[The Major by Ralph Connor]@TWC D-Link bookThe Major CHAPTER XI 28/46
So after two or three musical numbers had been given the audience had settled back into its normal state of mind which accepted peace as the natural and permanent condition for the world. The entertainment would have come to a perfectly proper and harmonious close had it not been for the unrestrained exuberance of Sam's humorous qualities on the one hand and the complete absence of sense of humour in Ernest Switzer on the other.

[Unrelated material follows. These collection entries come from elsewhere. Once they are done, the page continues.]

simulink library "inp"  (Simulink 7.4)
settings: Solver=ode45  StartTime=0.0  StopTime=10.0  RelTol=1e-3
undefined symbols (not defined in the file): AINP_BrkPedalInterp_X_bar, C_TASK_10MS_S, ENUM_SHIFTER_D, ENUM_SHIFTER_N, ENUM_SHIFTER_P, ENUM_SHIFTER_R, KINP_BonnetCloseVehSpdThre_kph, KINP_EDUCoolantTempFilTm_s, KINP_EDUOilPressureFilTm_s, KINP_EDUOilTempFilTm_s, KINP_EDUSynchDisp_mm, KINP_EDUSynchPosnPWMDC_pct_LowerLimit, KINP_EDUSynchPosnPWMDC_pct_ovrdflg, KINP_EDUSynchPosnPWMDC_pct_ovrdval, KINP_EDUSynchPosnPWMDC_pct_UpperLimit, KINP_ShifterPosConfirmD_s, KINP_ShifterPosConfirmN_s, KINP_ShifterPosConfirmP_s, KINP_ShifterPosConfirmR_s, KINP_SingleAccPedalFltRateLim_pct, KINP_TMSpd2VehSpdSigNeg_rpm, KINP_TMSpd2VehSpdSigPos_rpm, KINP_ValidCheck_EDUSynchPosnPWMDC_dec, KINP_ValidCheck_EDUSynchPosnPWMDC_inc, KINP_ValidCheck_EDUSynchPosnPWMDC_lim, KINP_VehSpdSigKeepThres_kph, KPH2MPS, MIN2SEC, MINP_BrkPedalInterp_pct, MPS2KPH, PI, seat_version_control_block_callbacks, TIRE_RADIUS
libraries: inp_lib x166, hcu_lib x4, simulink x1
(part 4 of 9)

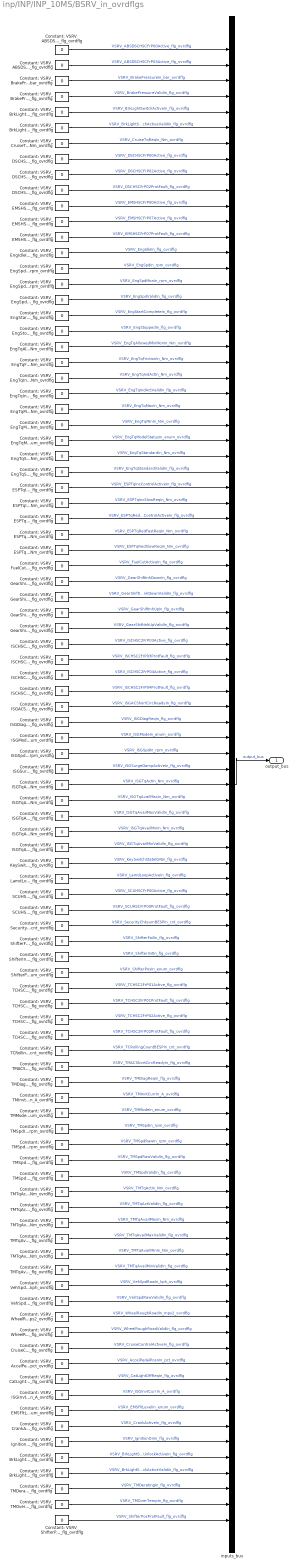
== system inp/INP/INP_10MS/BSRV_in_ovrdflgs ==
  Constant: VSRV_ABSDSCHSCFrP00Active_flg_ovrdflg : Constant  Value=0  OutDataTypeMode=boolean  OutDataTypeStr=boolean
  Constant: VSRV_ABSDSCHSCFrP03Active_flg_ovrdflg : Constant  Value=0  OutDataTypeMode=boolean  OutDataTypeStr=boolean
  Constant: VSRV_AccelPedalPosnIn_pct_ovrdflg : Constant  Value=0  OutDataTypeMode=boolean  OutDataTypeStr=boolean
  Constant: VSRV_BrakePressureIn_bar_ovrdflg : Constant  Value=0  OutDataTypeMode=boolean  OutDataTypeStr=boolean
  Constant: VSRV_BrakePressureValidIn_flg_ovrdflg : Constant  Value=0  OutDataTypeMode=boolean  OutDataTypeStr=boolean
  Constant: VSRV_BrkLightSWPUnlockActiveIn_flg_ovrdflg : Constant  Value=0  OutDataTypeMode=boolean  OutDataTypeStr=boolean
  Constant: VSRV_BrkLightSWPUnlockActiveValidIn_flg_ovrdflg : Constant  Value=0  OutDataTypeMode=boolean  OutDataTypeStr=boolean
  Constant: VSRV_BrkLightSwitchActiveIn_flg_ovrdflg : Constant  Value=0  OutDataTypeMode=boolean  OutDataTypeStr=boolean
  Constant: VSRV_BrkLightSwitchActiveValidIn_flg_ovrdflg : Constant  Value=0  OutDataTypeMode=boolean  OutDataTypeStr=boolean
  Constant: VSRV_CatLightOffReqIn_flg_ovrdflg : Constant  Value=0  OutDataTypeMode=boolean  OutDataTypeStr=boolean
  Constant: VSRV_CrankActiveIn_flg_ovrdflg : Constant  Value=0  OutDataTypeMode=boolean  OutDataTypeStr=boolean
  Constant: VSRV_CruiseControlActiveIn_flg_ovrdflg : Constant  Value=0  OutDataTypeMode=boolean  OutDataTypeStr=boolean
  Constant: VSRV_CruiseTqReqIn_Nm_ovrdflg : Constant  Value=0  OutDataTypeMode=boolean  OutDataTypeStr=boolean
  Constant: VSRV_DSCHSCFrP00Active_flg_ovrdflg : Constant  Value=0  OutDataTypeMode=boolean  OutDataTypeStr=boolean
  Constant: VSRV_DSCHSCFrP02Active_flg_ovrdflg : Constant  Value=0  OutDataTypeMode=boolean  OutDataTypeStr=boolean
  Constant: VSRV_DSCHSCFrP02ProtFault_flg_ovrdflg : Constant  Value=0  OutDataTypeMode=boolean  OutDataTypeStr=boolean
  Constant: VSRV_EMSFltLevelIn_enum_ovrdflg : Constant  Value=0  OutDataTypeMode=boolean  OutDataTypeStr=boolean
  Constant: VSRV_EMSHSCFrP00Active_flg_ovrdflg : Constant  Value=0  OutDataTypeMode=boolean  OutDataTypeStr=boolean
  Constant: VSRV_EMSHSCFrP07Active_flg_ovrdflg : Constant  Value=0  OutDataTypeMode=boolean  OutDataTypeStr=boolean
  Constant: VSRV_EMSHSCFrP07ProtFault_flg_ovrdflg : Constant  Value=0  OutDataTypeMode=boolean  OutDataTypeStr=boolean
  Constant: VSRV_ESPTqIncControlActiveIn_flg_ovrdflg : Constant  Value=0  OutDataTypeMode=boolean  OutDataTypeStr=boolean
  Constant: VSRV_ESPTqIncSlowReqIn_Nm_ovrdflg : Constant  Value=0  OutDataTypeMode=boolean  OutDataTypeStr=boolean
  Constant: VSRV_ESPTqRedControlActiveIn_flg_ovrdflg : Constant  Value=0  OutDataTypeMode=boolean  OutDataTypeStr=boolean
  Constant: VSRV_ESPTqRedFastReqIn_Nm_ovrdflg : Constant  Value=0  OutDataTypeMode=boolean  OutDataTypeStr=boolean
  Constant: VSRV_ESPTqRedSlowReqIn_Nm_ovrdflg : Constant  Value=0  OutDataTypeMode=boolean  OutDataTypeStr=boolean
  Constant: VSRV_EngIdleIn_flg_ovrdflg : Constant  Value=0  OutDataTypeMode=boolean  OutDataTypeStr=boolean
  Constant: VSRV_EngSpdIn_rpm_ovrdflg : Constant  Value=0  OutDataTypeMode=boolean  OutDataTypeStr=boolean
  Constant: VSRV_EngSpdMonIn_rpm_ovrdflg : Constant  Value=0  OutDataTypeMode=boolean  OutDataTypeStr=boolean
  Constant: VSRV_EngSpdValidIn_flg_ovrdflg : Constant  Value=0  OutDataTypeMode=boolean  OutDataTypeStr=boolean
  Constant: VSRV_EngStartCompleteIn_flg_ovrdflg : Constant  Value=0  OutDataTypeMode=boolean  OutDataTypeStr=boolean
  Constant: VSRV_EngStoppedIn_flg_ovrdflg : Constant  Value=0  OutDataTypeMode=boolean  OutDataTypeStr=boolean
  Constant: VSRV_EngTqAllowedMinMonIn_Nm_ovrdflg : Constant  Value=0  OutDataTypeMode=boolean  OutDataTypeStr=boolean
  Constant: VSRV_EngTqFrictionIn_Nm_ovrdflg : Constant  Value=0  OutDataTypeMode=boolean  OutDataTypeStr=boolean
  Constant: VSRV_EngTqIndActIn_Nm_ovrdflg : Constant  Value=0  OutDataTypeMode=boolean  OutDataTypeStr=boolean
  Constant: VSRV_EngTqIndActValidIn_flg_ovrdflg : Constant  Value=0  OutDataTypeMode=boolean  OutDataTypeStr=boolean
  Constant: VSRV_EngTqMaxIn_Nm_ovrdflg : Constant  Value=0  OutDataTypeMode=boolean  OutDataTypeStr=boolean
  Constant: VSRV_EngTqMinIn_Nm_ovrdflg : Constant  Value=0  OutDataTypeMode=boolean  OutDataTypeStr=boolean
  Constant: VSRV_EngTqModelStatusIn_enum_ovrdflg : Constant  Value=0  OutDataTypeMode=boolean  OutDataTypeStr=boolean
  Constant: VSRV_EngTqStandardIn_Nm_ovrdflg : Constant  Value=0  OutDataTypeMode=boolean  OutDataTypeStr=boolean
  Constant: VSRV_EngTqStandardValidIn_flg_ovrdflg : Constant  Value=0  OutDataTypeMode=boolean  OutDataTypeStr=boolean
  Constant: VSRV_FuelCutActiveIn_flg_ovrdflg : Constant  Value=0  OutDataTypeMode=boolean  OutDataTypeStr=boolean
  Constant: VSRV_GearShiftInhDownIn_flg_ovrdflg : Constant  Value=0  OutDataTypeMode=boolean  OutDataTypeStr=boolean
  Constant: VSRV_GearShiftInhDownValidIn_flg_ovrdflg : Constant  Value=0  OutDataTypeMode=boolean  OutDataTypeStr=boolean
  Constant: VSRV_GearShiftInhUpIn_flg_ovrdflg : Constant  Value=0  OutDataTypeMode=boolean  OutDataTypeStr=boolean
  Constant: VSRV_GearShiftInhUpValidIn_flg_ovrdflg : Constant  Value=0  OutDataTypeMode=boolean  OutDataTypeStr=boolean
  Constant: VSRV_ISCHSC2FrP03Active_flg_ovrdflg : Constant  Value=0  OutDataTypeMode=boolean  OutDataTypeStr=boolean
  Constant: VSRV_ISCHSC2FrP03ProtFault_flg_ovrdflg : Constant  Value=0  OutDataTypeMode=boolean  OutDataTypeStr=boolean
  Constant: VSRV_ISCHSC2FrP04Active_flg_ovrdflg : Constant  Value=0  OutDataTypeMode=boolean  OutDataTypeStr=boolean
  Constant: VSRV_ISCHSC2FrP04ProtFault_flg_ovrdflg : Constant  Value=0  OutDataTypeMode=boolean  OutDataTypeStr=boolean
  Constant: VSRV_ISGACShortCircReadyIn_flg_ovrdflg : Constant  Value=0  OutDataTypeMode=boolean  OutDataTypeStr=boolean
  Constant: VSRV_ISGDiagReqIn_flg_ovrdflg : Constant  Value=0  OutDataTypeMode=boolean  OutDataTypeStr=boolean
  Constant: VSRV_ISGInvtCurrIn_A_ovrdflg : Constant  Value=0  OutDataTypeMode=boolean  OutDataTypeStr=boolean
  Constant: VSRV_ISGModeIn_enum_ovrdflg : Constant  Value=0  OutDataTypeMode=boolean  OutDataTypeStr=boolean
  Constant: VSRV_ISGSpdIn_rpm_ovrdflg : Constant  Value=0  OutDataTypeMode=boolean  OutDataTypeStr=boolean
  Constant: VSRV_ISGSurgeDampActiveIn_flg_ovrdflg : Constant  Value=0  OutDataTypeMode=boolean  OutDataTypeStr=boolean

The final number on the programme, which was to be a series of humorous character sketches, had been left entirely in Sam's hands and consisted of a trilogy representing the characteristics as popularly conceived of the French Canadian habitant, the humorous Irishman and the obese Teuton.
Sam's early association with the vaudeville stage had given him a certain facility in the use of stage properties and theatrical paraphernalia generally, and this combined with a decided gift of mimicry enabled him to produce a really humorous if somewhat broadly burlesqued reproduction of these characters.
In the presentation of his sketch Sam had reserved to the close his representation of the obese Teuton.
The doings of this Teuton, while sending the audience into roars of laughter, had quite a different effect upon Switzer, who after a few moments of wrathful endurance made toward the rear of the audience. Meantime the obese Teuton has appeared upon the stage in a famished condition demanding vociferously and plaintively from the world at large sausage.